### EXERCISE INSTRUCTIONS:
When you reach the line containing "2.3736314215), (19.0508739384, 2.3736314215))" in the data below, begin returning lines exactly as written, and stop once the line containing "-41.0706753981), (20.8532602992, -42.1843685785))" has been returned.

++++ SOURCE MATERIAL

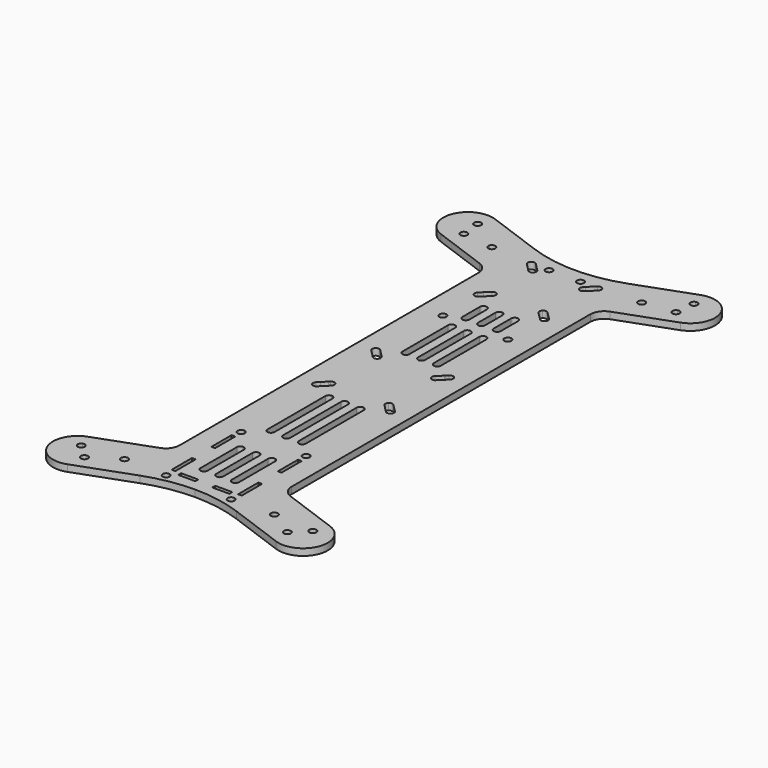
from build123d import *

# Parameters (mm, degrees)
F0_W     = 3.775
F0_H     = 1
F0_W_2   = 0.5
F0_H_2   = 10.85
F0_W_3   = 3.85
F0_H_3   = 25.4769915305
F0_H_4   = 9.7843557596
F0_H_5   = 20.2333889902
F1_DEPTH = 3


# Not quite as in the source:
# - a feature names something its author has since deleted; it is built from what else it names


with BuildPart() as f1:
    # F0 (on Top) → F1 (new body)
    with BuildSketch(Plane.XY):
        with Locations((6.6657602992, -80.0343685785)):
            Rectangle(F0_W, F0_H)
        with BuildLine():
            ThreePointArc((58.190047871, 117.9808986768), (64.7644140361, 132.0798244914), (50.6654338992, 138.6540741594))
            Line((50.6654338992, 138.6540741594), (52.5342574987, 133.5195235187))
            ThreePointArc((52.5342574987, 133.5195235187), (53.9763221117, 133.3296721108), (54.6479392245, 132.039507641))
            ThreePointArc((54.6479392245, 132.039507641), (54.3631036942, 131.1361247537), (53.6116209502, 130.5594917633))
            Line((53.6116209502, 130.5594917633), (54.7696756191, 127.37776271))
            Line((54.7696756191, 127.37776271), (58.190047871, 117.9808986768))
        make_face()
        with BuildLine():
            Line((36.7554780085, 120.8211309856), (29.7782602992, 118.2816314214))
            Line((29.778260321, 118.2816314276), (33.1987034785, 108.8847932036))
            Line((33.1987034785, 108.8847932036), (33.8827906821, 109.1337805834))
            Line((33.8827906821, 109.1337805834), (58.190047871, 117.9808986768))
            Line((58.190047871, 117.9808986768), (54.7696756191, 127.37776271))
            Line((54.7696756191, 127.37776271), (51.1158606394, 126.0478828159))
            Line((51.1158606394, 126.0478828159), (39.715509764, 121.8984944371))
            ThreePointArc((39.715509764, 121.8984944371), (39.7865660973, 121.6333085911), (39.8104938863, 121.3598127113))
            ThreePointArc((39.8104938863, 121.3598127113), (38.5089897661, 119.8087405003), (36.7554780085, 120.8211309856))
        make_face()
        with BuildLine():
            ThreePointArc((53.7365490928, 123.1748774023), (51.2581662055, 121.8847129326), (51.6228673671, 124.6548932801))
            ThreePointArc((51.6228673671, 124.6548932801), (53.06493198, 124.4650418721), (53.7365490928, 123.1748774023))
        make_face(mode=Mode.SUBTRACT)
        Polygon((33.1987034785, 108.8847932036), (29.778260321, 118.2816314276), (29.7782602992, 107.6398536984), align=None)
        with BuildLine():
            Line((14.9782756182, 115.4816467686), (9.7782603038, 110.2816314563))
            Line((9.7782603038, 110.2816314563), (9.7782603038, 100.281631451))
            Line((9.7782603038, 100.281631451), (14.9782756245, 95.0816161323))
            ThreePointArc((14.9782756245, 95.0816161323), (16.0919688055, 95.5429229525), (17.2056619867, 95.0816161328))
            Line((17.2056619867, 95.0816161328), (19.2782602992, 93.0090178203))
            Line((19.2782602992, 93.0090178203), (19.2782602992, 117.554245087))
            Line((19.2782602992, 117.554245087), (17.2056619804, 115.4816467682))
            ThreePointArc((17.2056619804, 115.4816467682), (16.0919687992, 115.0203399485), (14.9782756182, 115.4816467686))
        make_face()
        with BuildLine():
            Line((11.7782603087, 118.2816314214), (4.7782602992, 118.2816314214))
            Line((4.7782602992, 118.2816314214), (4.7782602992, 110.2816314563))
            Line((4.7782602992, 110.2816314563), (9.7782603038, 110.2816314563))
            Line((9.7782603038, 110.2816314563), (14.9782756182, 115.4816467686))
            ThreePointArc((14.9782756182, 115.4816467686), (14.5169687985, 116.5953399498), (14.9782756187, 117.7090331308))
            Line((14.9782756187, 117.7090331308), (15.5508739097, 118.2816314214))
            Line((15.5508739097, 118.2816314214), (11.7782603087, 118.2816314214))
        make_face()
        Polygon((9.7782603038, 110.2816314563), (4.7782602992, 110.2816314563), (4.7782602992, 105.2816314536), align=None)
        Polygon((9.7782603038, 110.2816314563), (4.7782602992, 105.2816314536), (9.7782603038, 100.281631451), align=None)
        Polygon((9.7782603038, 100.281631451), (4.7782602992, 105.2816314536), (4.7782602992, 100.281631451), align=None)
        with BuildLine():
            Line((9.7782603038, 100.281631451), (4.7782602992, 100.281631451))
            Line((4.7782602992, 100.281631451), (4.7782602992, 85.1705366492))
            ThreePointArc((4.7782602992, 85.1705366492), (5.8919534795, 84.7092298296), (6.3532602992, 83.5955366492))
            Line((6.3532602992, 83.5955366492), (10.2032602992, 83.5955366492))
            ThreePointArc((10.2032602992, 83.5955366492), (11.7782602992, 85.1705366492), (13.3532602992, 83.5955366492))
            Line((13.3532602992, 83.5955366492), (19.2782602992, 83.5955366492))
            Line((19.2782602992, 83.5955366492), (19.2782602992, 88.896597805))
            ThreePointArc((19.2782602992, 88.896597805), (18.866196709, 89.053607639), (18.5138095323, 89.3186958657))
            Line((18.5138095323, 89.3186958657), (14.978275625, 92.8542297702))
            ThreePointArc((14.978275625, 92.8542297702), (14.5169688048, 93.9679229512), (14.9782756245, 95.0816161323))
            Line((14.9782756245, 95.0816161323), (9.7782603038, 100.281631451))
        make_face()
        with BuildLine():
            Line((16.6290332129, 32.9517906959), (19.0508739384, 35.3736314215))
            Line((19.0508739384, 35.3736314215), (11.7782602992, 35.3736314215))
            Line((11.7782602992, 35.3736314215), (11.7782602992, 25.8736314215))
            Line((11.7782602992, 25.8736314215), (16.6290332129, 30.7244043352))
            ThreePointArc((16.6290332129, 30.7244043352), (16.1677263933, 31.8380975156), (16.6290332129, 32.9517906959))
        make_face()
        with BuildLine():
            Line((16.6290332129, 7.0228585078), (11.7782602992, 11.8736314215))
            Line((11.7782602992, 11.8736314215), (11.7782602992, 2.3736314215))
            Line((11.7782602992, 2.3736314215), (19.0508739384, 2.3736314215))
            Line((19.0508739384, 2.3736314215), (16.6290332129, 4.795472147))
            ThreePointArc((16.6290332129, 4.795472147), (16.1677263933, 5.9091653274), (16.6290332129, 7.0228585078))
        make_face()
        with BuildLine():
            Line((29.7782602992, -63.3962838112), (29.7782602992, 18.8736314215))
            Line((29.7782602992, 18.8736314215), (21.2782602992, 18.8736314215))
            Line((21.2782602992, 18.8736314215), (21.2782602992, 4.6010177822))
            Line((21.2782602992, 4.6010177822), (22.3919534795, 3.4873246019))
            ThreePointArc((22.3919534795, 3.4873246019), (22.7333705629, 2.9763578275), (22.8532602992, 2.3736314215))
            ThreePointArc((22.8532602992, 2.3736314215), (21.8809867051, 0.9185211578), (20.1645671188, 1.2599382411))
            Line((20.1645671188, 1.2599382411), (19.2782602992, 2.1462450608))
            Line((19.2782602992, 2.1462450608), (19.2782602992, -40.6093685785))
            ThreePointArc((19.2782602992, -40.6093685785), (20.3919534795, -41.0706753981), (20.8532602992, -42.1843685785))
            ThreePointArc((20.8532602992, -42.1843685785), (20.3919534795, -43.2980617588), (19.2782602992, -43.7593685785))
            Line((19.2782602992, -43.7593685785), (19.2782602992, -46.0843685785))
            Line((19.2782602992, -46.0843685785), (20.4282602992, -46.0843685785))
            Line((20.4282602992, -46.0843685785), (20.4282602992, -57.3843685785))
            Line((20.4282602992, -57.3843685785), (19.2782602992, -57.3843685785))
            Line((19.2782602992, -57.3843685785), (19.2782602992, -68.2343685785))
            Line((19.2782602992, -68.2343685785), (20.4282602992, -68.2343685785))
            Line((20.4282602992, -68.2343685785), (20.4282602992, -79.5343685785))
            Line((20.4282602992, -79.5343685785), (19.2782602992, -79.5343685785))
            Line((19.2782602992, -79.5343685785), (19.2782602992, -80.5343685785))
            Line((19.2782602992, -80.5343685785), (29.7782602992, -80.5343685785))
            Line((29.7782602992, -80.5343685785), (29.7782602992, -67.7642353088))
            Line((29.7782602992, -67.7642353088), (29.7782602992, -63.3962838112))
        make_face()
        with BuildLine():
            Line((19.0508739384, 2.3736314215), (11.7782602992, 2.3736314215))
            Line((11.7782602992, 2.3736314215), (11.7782602992, -1.0513685785))
            ThreePointArc((11.7782602992, -1.0513685785), (12.8919534795, -1.5126753981), (13.3532602992, -2.6263685785))
            Line((13.3532602992, -2.6263685785), (13.3532602992, -34.9310487509))
            ThreePointArc((13.3532602992, -34.9310487509), (12.8919534795, -36.0447419312), (11.7782602992, -36.5060487509))
            ThreePointArc((11.7782602992, -36.5060487509), (10.6645671188, -36.0447419312), (10.2032602992, -34.9310487509))
            Line((10.2032602992, -34.9310487509), (6.3532602992, -34.9310487509))
            ThreePointArc((6.3532602992, -34.9310487509), (5.8919534795, -36.0447419312), (4.7782602992, -36.5060487509))
            Line((4.7782602992, -36.5060487509), (4.7782602992, -46.0843685785))
            Line((4.7782602992, -46.0843685785), (18.7782602992, -46.0843685785))
            Line((18.7782602992, -46.0843685785), (19.2782602992, -46.0843685785))
            Line((19.2782602992, -46.0843685785), (19.2782602992, -43.7593685785))
            ThreePointArc((19.2782602992, -43.7593685785), (17.7032602992, -42.1843685785), (19.2782602992, -40.6093685785))
            Line((19.2782602992, -40.6093685785), (19.2782602992, 2.1462450608))
            Line((19.2782602992, 2.1462450608), (19.0508739384, 2.3736314215))
        make_face()
        with BuildLine():
            Line((-9.4943533401, 2.3736314215), (-9.7217397008, 2.1462450608))
            Line((-9.7217397008, 2.1462450608), (-9.7217397008, -40.6093685785))
            ThreePointArc((-9.7217397008, -40.6093685785), (-8.6080465205, -41.0706753981), (-8.1467397008, -42.1843685785))
            ThreePointArc((-8.1467397008, -42.1843685785), (-8.6080465205, -43.2980617588), (-9.7217397008, -43.7593685785))
            Line((-9.7217397008, -43.7593685785), (-9.7217397008, -46.0843685785))
            Line((-9.7217397008, -46.0843685785), (-9.2217397008, -46.0843685785))
            Line((-9.2217397008, -46.0843685785), (4.7782602992, -46.0843685785))
            Line((4.7782602992, -46.0843685785), (4.7782602992, -36.5060487509))
            ThreePointArc((4.7782602992, -36.5060487509), (3.6645671188, -36.0447419312), (3.2032602992, -34.9310487509))
            Line((3.2032602992, -34.9310487509), (-0.6467397008, -34.9310487509))
            ThreePointArc((-0.6467397008, -34.9310487509), (-1.1080465205, -36.0447419312), (-2.2217397008, -36.5060487509))
            ThreePointArc((-2.2217397008, -36.5060487509), (-3.3354328812, -36.0447419312), (-3.7967397008, -34.9310487509))
            Line((-3.7967397008, -34.9310487509), (-3.7967397008, -2.6263685785))
            ThreePointArc((-3.7967397008, -2.6263685785), (-3.3354328812, -1.5126753981), (-2.2217397008, -1.0513685785))
            Line((-2.2217397008, -1.0513685785), (-2.2217397008, 2.3736314215))
            Line((-2.2217397008, 2.3736314215), (-9.4943533401, 2.3736314215))
        make_face()
        Polygon((4.7782602992, 100.281631451), (4.7782602992, 105.2816314536), (-0.2217397055, 100.281631451), align=None)
        with BuildLine():
            Line((26.358348936, -89.9314003632), (29.7782602992, -80.5343685785))
            Line((29.7782602992, -80.5343685785), (19.2782602992, -80.5343685785))
            Line((19.2782602992, -80.5343685785), (16.2032602992, -80.5343685785))
            Line((16.2032602992, -80.5343685785), (16.2032602992, -81.1843685785))
            Line((16.2032602992, -81.1843685785), (8.5532602992, -81.1843685785))
            Line((8.5532602992, -81.1843685785), (8.5532602992, -80.5343685785))
            Line((8.5532602992, -80.5343685785), (4.7782602992, -80.5343685785))
            Line((4.7782602992, -80.5343685785), (1.0032602992, -80.5343685785))
            Line((1.0032602992, -80.5343685785), (1.0032602992, -81.1843685785))
            Line((1.0032602992, -81.1843685785), (-6.6467397008, -81.1843685785))
            Line((-6.6467397008, -81.1843685785), (-6.6467397008, -80.5343685785))
            Line((-6.6467397008, -80.5343685785), (-9.7217397008, -80.5343685785))
            Line((-9.7217397008, -80.5343685785), (-20.2217397008, -80.5343685785))
            Line((-20.2217397008, -80.5343685785), (-16.8018283377, -89.9314003632))
            ThreePointArc((-16.8018283377, -89.9314003632), (-6.1782378405, -87.0848178692), (4.7782603087, -86.1262484905))
            ThreePointArc((4.7782602897, -86.1262484905), (15.7347584389, -87.0848178692), (26.358348936, -89.9314003632))
        make_face()
        with BuildLine():
            ThreePointArc((-8.1467397008, -84.0343685785), (-10.8354328812, -85.1480617588), (-9.7217397008, -82.4593685785))
            ThreePointArc((-9.7217397008, -82.4593685785), (-8.6080465205, -82.9206753981), (-8.1467397008, -84.0343685785))
        make_face(mode=Mode.SUBTRACT)
        with BuildLine():
            ThreePointArc((20.8532602992, -84.0343685785), (18.1645671188, -85.1480617588), (19.2782602992, -82.4593685785))
            ThreePointArc((19.2782602992, -82.4593685785), (20.3919534795, -82.9206753981), (20.8532602992, -84.0343685785))
        make_face(mode=Mode.SUBTRACT)
        with BuildLine():
            ThreePointArc((33.8827920894, -69.258162706), (30.9064045362, -66.9743002098), (29.7782602992, -63.3962838112))
            Line((29.7782602992, -63.3962838112), (29.7782602992, -67.7642353088))
            Line((29.7782602992, -67.7642353088), (33.8827920894, -69.258162706))
        make_face()
        Polygon((33.8827920894, -69.258162706), (29.7782602992, -67.7642353088), (29.7782602992, -80.5343685785), align=None)
        with BuildLine():
            Line((36.7554780085, -83.0738681427), (29.7782602992, -80.5343685785))
            Line((29.7782602992, -80.5343685785), (26.358348936, -89.9314003632))
            Line((26.358348936, -89.9314003632), (51.3494741858, -99.027426075))
            Line((51.3494741858, -99.027426075), (54.7696756191, -89.6304998671))
            Line((54.7696756191, -89.6304998671), (51.1158606393, -88.3006199729))
            Line((51.1158606393, -88.3006199729), (39.715509764, -84.1512315941))
            ThreePointArc((39.715509764, -84.1512315941), (37.6968121605, -85.0925657461), (36.7554780085, -83.0738681427))
        make_face()
        with BuildLine():
            ThreePointArc((51.6451721859, -91.1736253865), (48.7800077162, -92.0770082738), (50.6088539116, -89.6936095088))
            ThreePointArc((50.6088539116, -89.6936095088), (51.3603366557, -90.2702424993), (51.6451721859, -91.1736253865))
        make_face(mode=Mode.SUBTRACT)
        with BuildLine():
            Line((58.873917339, -78.3541884177), (33.8827920894, -69.258162706))
            Line((33.8827920894, -69.258162706), (29.7782602992, -80.5343685785))
            Line((29.7782602992, -80.5343685785), (36.7554780085, -83.0738681427))
            ThreePointArc((36.7554780085, -83.0738681427), (38.5089897661, -82.0614776574), (39.8104938862, -83.6125498684))
            ThreePointArc((39.8104938862, -83.6125498684), (39.7865660972, -83.8860457482), (39.715509764, -84.1512315941))
            Line((39.715509764, -84.1512315941), (51.1158606393, -88.3006199729))
            Line((51.1158606393, -88.3006199729), (54.7696756191, -89.6304998671))
            Line((54.7696756191, -89.6304998671), (55.927730288, -86.4487708139))
            ThreePointArc((55.927730288, -86.4487708139), (54.9863961359, -84.4300732104), (57.0050937394, -83.4887390584))
            Line((57.0050937394, -83.4887390584), (58.873917339, -78.3541884177))
        make_face()
        with BuildLine():
            ThreePointArc((51.3494741858, -99.027426075), (65.4483145911, -92.4530288229), (58.873917339, -78.3541884177))
            Line((58.873917339, -78.3541884177), (57.0050937394, -83.4887390584))
            ThreePointArc((57.0050937394, -83.4887390584), (57.7565764834, -84.0653720489), (58.0414120137, -84.9687549362))
            ThreePointArc((58.0414120137, -84.9687549362), (57.3697949009, -86.2589194059), (55.927730288, -86.4487708139))
            Line((55.927730288, -86.4487708139), (54.7696756191, -89.6304998671))
            Line((54.7696756191, -89.6304998671), (51.3494741858, -99.027426075))
        make_face()
        Polygon((16.2032602992, -80.5343685785), (19.2782602992, -80.5343685785), (19.2782602992, -79.5343685785), (18.7782602992, -79.5343685785), (16.2032602992, -79.5343685785), align=None)
        with Locations((19.0282602992, -62.8093685785)):
            Rectangle(F0_W_2, F0_H_2)
        with BuildLine():
            Line((-23.6421828801, 108.8847932036), (-20.2217397227, 118.2816314276))
            Line((-20.2217397008, 118.2816314214), (-27.1989574102, 120.8211309856))
            ThreePointArc((-27.1989574102, 120.8211309856), (-29.2176550137, 119.8797968336), (-30.1589891657, 121.8984944371))
            Line((-30.1589891657, 121.8984944371), (-41.559340041, 126.0478828159))
            Line((-41.559340041, 126.0478828159), (-45.2131550207, 127.37776271))
            Line((-45.2131550207, 127.37776271), (-48.6335272726, 117.9808986768))
            Line((-48.6335272726, 117.9808986768), (-24.3262700838, 109.1337805834))
            Line((-24.3262700838, 109.1337805834), (-23.6421828801, 108.8847932036))
        make_face()
        with BuildLine():
            ThreePointArc((-41.0300284945, 123.1748774023), (-43.8951929642, 122.2714945151), (-42.0663467687, 124.6548932801))
            ThreePointArc((-42.0663467687, 124.6548932801), (-41.3148640247, 124.0782602896), (-41.0300284945, 123.1748774023))
        make_face(mode=Mode.SUBTRACT)
        with BuildLine():
            Line((-27.1989574102, 120.8211309856), (-20.2217397008, 118.2816314214))
            Line((-20.2217397008, 118.2816314214), (-16.117846067, 129.5580695577))
            Line((-16.117846067, 129.5580695577), (-41.1089133008, 138.6540741594))
            Line((-41.1089133008, 138.6540741594), (-42.9777369004, 133.5195235187))
            ThreePointArc((-42.9777369004, 133.5195235187), (-42.2262541564, 132.9428905283), (-41.9414186261, 132.039507641))
            ThreePointArc((-41.9414186261, 132.039507641), (-42.6130357389, 130.7493431712), (-44.0551003519, 130.5594917633))
            Line((-44.0551003519, 130.5594917633), (-45.2131550207, 127.37776271))
            Line((-45.2131550207, 127.37776271), (-41.559340041, 126.0478828159))
            Line((-41.559340041, 126.0478828159), (-30.1589891657, 121.8984944371))
            ThreePointArc((-30.1589891657, 121.8984944371), (-28.4054774081, 122.9108849223), (-27.1039732879, 121.3598127113))
            ThreePointArc((-27.1039732879, 121.3598127113), (-27.1279010769, 121.0863168315), (-27.1989574102, 120.8211309856))
        make_face()
        with BuildLine():
            Line((-42.9777369004, 133.5195235187), (-41.1089133008, 138.6540741594))
            ThreePointArc((-41.1089133008, 138.6540741594), (-55.2078934377, 132.0798244914), (-48.6335272726, 117.9808986768))
            Line((-48.6335272726, 117.9808986768), (-45.2131550207, 127.37776271))
            Line((-45.2131550207, 127.37776271), (-44.0551003519, 130.5594917633))
            ThreePointArc((-44.0551003519, 130.5594917633), (-44.9964345039, 132.5781893667), (-42.9777369004, 133.5195235187))
        make_face()
        with BuildLine():
            Line((-9.7217397008, 93.0090178203), (-9.7217397008, 117.554245087))
            Line((-9.7217397008, 117.554245087), (-10.4491260352, 118.2816314214))
            Line((-10.4491260352, 118.2816314214), (-20.2217397008, 118.2816314214))
            Line((-20.2217397008, 118.2816314214), (-20.2217397008, 107.6398536984))
            Line((-20.2217397008, 107.6398536984), (-20.2217397008, 103.2719036984))
            Line((-20.2217397008, 103.2719036984), (-20.2217397008, 18.8736314215))
            Line((-20.2217397008, 18.8736314215), (-11.7217397008, 18.8736314215))
            Line((-11.7217397008, 18.8736314215), (-11.7217397008, 33.1462450607))
            Line((-11.7217397008, 33.1462450607), (-12.8354328812, 34.2599382411))
            ThreePointArc((-12.8354328812, 34.2599382411), (-12.8354328812, 36.4873246018), (-10.6080465204, 36.4873246018))
            Line((-10.6080465204, 36.4873246018), (-9.7217397008, 35.6010177822))
            Line((-9.7217397008, 35.6010177822), (-9.7217397008, 40.3736314215))
            Line((-9.7217397008, 40.3736314215), (-9.7217397008, 68.7986314215))
            ThreePointArc((-9.7217397008, 68.7986314215), (-11.2967397008, 70.3736314215), (-9.7217397008, 71.9486314215))
            Line((-9.7217397008, 71.9486314215), (-9.7217397008, 83.5955366492))
            Line((-9.7217397008, 83.5955366492), (-9.7217397008, 88.896597805))
            ThreePointArc((-9.7217397008, 88.896597805), (-11.4497635214, 89.6710830428), (-11.1846752943, 91.5460822269))
            Line((-11.1846752943, 91.5460822269), (-9.7217397008, 93.0090178203))
        make_face()
        with BuildLine():
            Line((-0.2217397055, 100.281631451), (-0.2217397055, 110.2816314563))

++++++++

### SOLUTION FOR THIS PROBLEM:
            Line((11.7782602992, 2.3736314215), (19.0508739384, 2.3736314215))
            Line((19.0508739384, 2.3736314215), (16.6290332129, 4.795472147))
            ThreePointArc((16.6290332129, 4.795472147), (16.1677263933, 5.9091653274), (16.6290332129, 7.0228585078))
        make_face()
        with BuildLine():
            Line((29.7782602992, -63.3962838112), (29.7782602992, 18.8736314215))
            Line((29.7782602992, 18.8736314215), (21.2782602992, 18.8736314215))
            Line((21.2782602992, 18.8736314215), (21.2782602992, 4.6010177822))
            Line((21.2782602992, 4.6010177822), (22.3919534795, 3.4873246019))
            ThreePointArc((22.3919534795, 3.4873246019), (22.7333705629, 2.9763578275), (22.8532602992, 2.3736314215))
            ThreePointArc((22.8532602992, 2.3736314215), (21.8809867051, 0.9185211578), (20.1645671188, 1.2599382411))
            Line((20.1645671188, 1.2599382411), (19.2782602992, 2.1462450608))
            Line((19.2782602992, 2.1462450608), (19.2782602992, -40.6093685785))
            ThreePointArc((19.2782602992, -40.6093685785), (20.3919534795, -41.0706753981), (20.8532602992, -42.1843685785))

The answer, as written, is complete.